[Data extracted from a collection]
[Start of section]
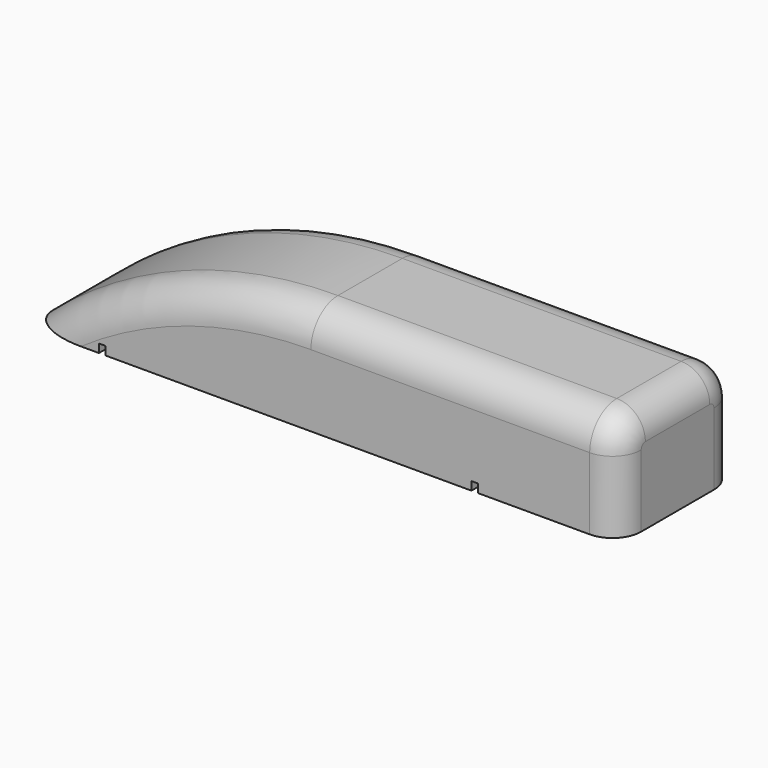
from build123d import *

# Parameters (mm, degrees)
F0_W        = 177.8
F0_H        = 44.45
F1_DEPTH    = 31.75
F2_W        = 2.032
F2_H        = 5.08
F2_H_2      = 2.957622528
F3_DEPTH    = 70.866
F4_T1_DEPTH = 472.3767319638
F5_R        = 10.16
F6_R        = 10.16
F7_R        = 8.5849434278
F8_W        = 78.1799629331
F8_H        = 27.9869418591
F9_DEPTH    = 12.7


# Not quite as in the source:
# - a fillet or chamfer that OpenCascade refuses, or shapes differently, is made with other operations: its cross-section is extruded or revolved along the edge and cut away or added


with BuildPart() as f1:
    # F0 (on Top) → F1 (new body)
    with BuildSketch(Plane.XY):
        Rectangle(F0_W, F0_H)
    extrude(amount=F1_DEPTH)

    # F2 (on Front) → F3 (cut, symmetric)
    with BuildSketch(Plane.XZ):
        with Locations((-65.8876, 0)):
            Rectangle(F2_W, F2_H)
        with Locations((45.8724, 1.061188736)):
            Rectangle(F2_W, F2_H_2)
    extrude(amount=F3_DEPTH, both=True, mode=Mode.SUBTRACT)

    # F4: fillet of radius 131.2269923964 on 1 edges, made by hand

    # F4_s2 → F4_t1 (cut)
    with BuildSketch(Plane.XZ.offset(-236.1883659819)):
        with BuildLine():
            ThreePointArc((-3.3146536072, 31.75), (-48.9570517069, 23.5567226134), (-88.9, 0))
            Line((-88.9, 0), (-88.9, 31.75))
            Line((-88.9, 31.75), (-3.3146536072, 31.75))
        make_face()
    extrude(amount=F4_T1_DEPTH, mode=Mode.SUBTRACT)

    # F5
    f5_edges = [f1.edges().sort_by_distance(p)[0] for p in [
        (-48.957052, -22.225, 23.556723),
    ]]
    fillet(f5_edges, radius=F5_R)

    # F6
    f6_edges = [f1.edges().sort_by_distance(p)[0] for p in [
        (42.792673, 22.225, 31.75),
        (-48.957052, 22.225, 23.556723),
    ]]
    fillet(f6_edges, radius=F6_R)

    # F7
    f7_edges = [f1.edges().sort_by_distance(p)[0] for p in [
        (88.9, 0, 31.75),
        (88.9, 22.225, 10.795),
        (88.9, -22.225, 10.795),
        (88.9, 19.249205, 28.774205),
        (88.9, -19.249205, 28.774205),
    ]]
    fillet(f7_edges, radius=F7_R)

    # F8 (on Top) → F9 (cut, symmetric)
    with BuildSketch(Plane.XY):
        Rectangle(F8_W, F8_H)
    extrude(amount=F9_DEPTH, both=True, mode=Mode.SUBTRACT)


solid = f1.part
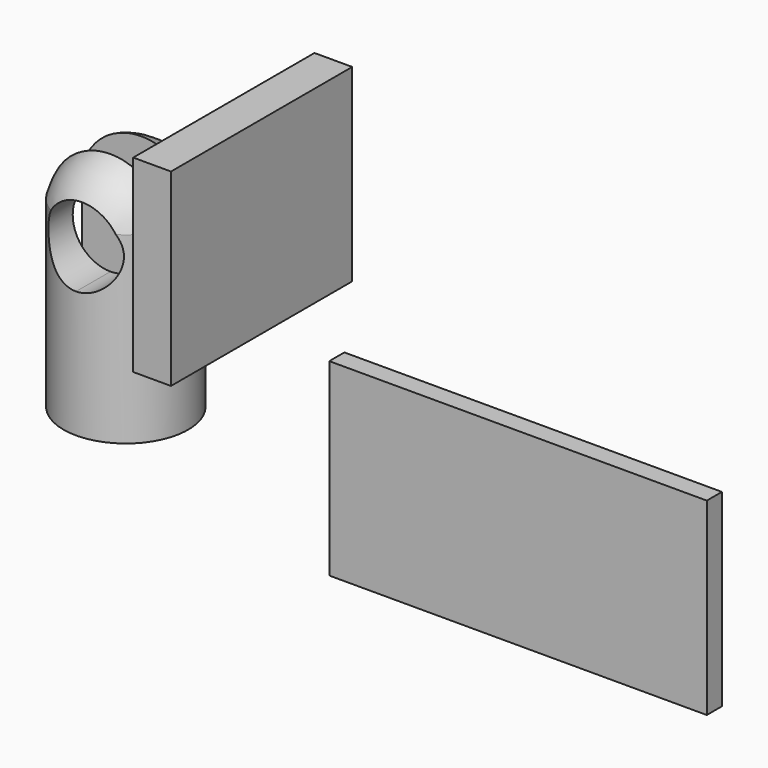
from build123d import *

# Parameters (mm, degrees)
F1_DEPTH = 6.35
F0_W     = 12.7
F0_H     = 63.5
F2_DEPTH = 76.2
F4_DEPTH = 20.9570915828
F5_DEPTH = 25.4
F6_W     = 41.9121831656
F6_H     = 12.954
F7_DEPTH = 78.4056


# Not quite as in the source:
# - a feature names something its author has since deleted; it is built from what else it names


with BuildPart() as f1:
    # F0 (on Front) → F1 (new body)
    with BuildSketch(Plane.XZ):
        Polygon((-32.8281914331, 8.6850252382), (-39.5913863666, 8.6850252382), (-39.5913863666, -54.8149747618), (-32.8281914331, -54.8149747618), (17.9718085669, -54.8149747618), (87.4086136334, -54.8149747618), (87.4086136334, 8.6850252382), (17.9718085669, 8.6850252382), align=None)
    extrude(amount=F1_DEPTH)


with BuildPart() as f2:
    # F0 (on Front) → F2 (new body)
    with BuildSketch(Plane.XZ):
        with Locations((-43.3035971761, 62.3321020156)):
            Rectangle(F0_W, F0_H)
    extrude(amount=F2_DEPTH)


with BuildPart() as f3:
    # F0 (on Front) → F3 (revolve)
    with BuildSketch(Plane.XZ):
        with BuildLine():
            ThreePointArc((-113.0859330297, 11.3450873971), (-125.7859330297, 24.0450873971), (-113.0859330297, 36.7450873971))
            Line((-113.0859330297, 36.7450873971), (-113.0859330297, 47.1505224705))
            ThreePointArc((-113.0859330297, 47.1505224705), (-126.4708775994, 42.47888537), (-134.0420246124, 30.4931160063))
            Line((-134.0420246124, 30.4931160063), (-134.0420246124, -31.3004925847))
            Line((-134.0420246124, -31.3004925847), (-113.0859330297, -31.3004925847))
            Line((-113.0859330297, -31.3004925847), (-113.0859330297, 11.3450873971))
        make_face()
        with BuildLine():
            ThreePointArc((-113.0859330297, 11.3450873971), (-104.1056769086, 15.064831276), (-100.3859330297, 24.0450873971))
            ThreePointArc((-100.3859330297, 24.0450873971), (-104.1056769086, 33.0253435182), (-113.0859330297, 36.7450873971))
            ThreePointArc((-113.0859330297, 36.7450873971), (-125.7859330297, 24.0450873971), (-113.0859330297, 11.3450873971))
        make_face()
    revolve(axis=Axis((-113.0859330297, 0, -9.9777025938), (0, 0, -1)))

    # F0 (on Front) → F4 (cut, through all)
    with BuildSketch(Plane.XZ):
        with BuildLine():
            ThreePointArc((-113.0859330297, 11.3450873971), (-104.1056769086, 15.064831276), (-100.3859330297, 24.0450873971))
            ThreePointArc((-100.3859330297, 24.0450873971), (-104.1056769086, 33.0253435182), (-113.0859330297, 36.7450873971))
            ThreePointArc((-113.0859330297, 36.7450873971), (-125.7859330297, 24.0450873971), (-113.0859330297, 11.3450873971))
        make_face()
    extrude(amount=-F4_DEPTH, mode=Mode.SUBTRACT)

    # F0 (on Front) → F5 (cut)
    with BuildSketch(Plane.XZ):
        with BuildLine():
            ThreePointArc((-113.0859330297, 11.3450873971), (-104.1056769086, 15.064831276), (-100.3859330297, 24.0450873971))
            ThreePointArc((-100.3859330297, 24.0450873971), (-104.1056769086, 33.0253435182), (-113.0859330297, 36.7450873971))
            ThreePointArc((-113.0859330297, 36.7450873971), (-125.7859330297, 24.0450873971), (-113.0859330297, 11.3450873971))
        make_face()
    extrude(amount=F5_DEPTH, mode=Mode.SUBTRACT)

    # F6 (on Top) → F7 (cut)
    with BuildSketch(Plane.XY):
        with Locations((-113.0859330297, 0)):
            Rectangle(F6_W, F6_H)
    extrude(amount=F7_DEPTH, mode=Mode.SUBTRACT)


solid = Compound([f1.part, f2.part, f3.part])
[End of section]
- Assigned task -
For each line above that contains the word "both", give the line as it is written.

- Task answer -
    extrude(amount=F3_DEPTH, both=True, mode=Mode.SUBTRACT)
    extrude(amount=F9_DEPTH, both=True, mode=Mode.SUBTRACT)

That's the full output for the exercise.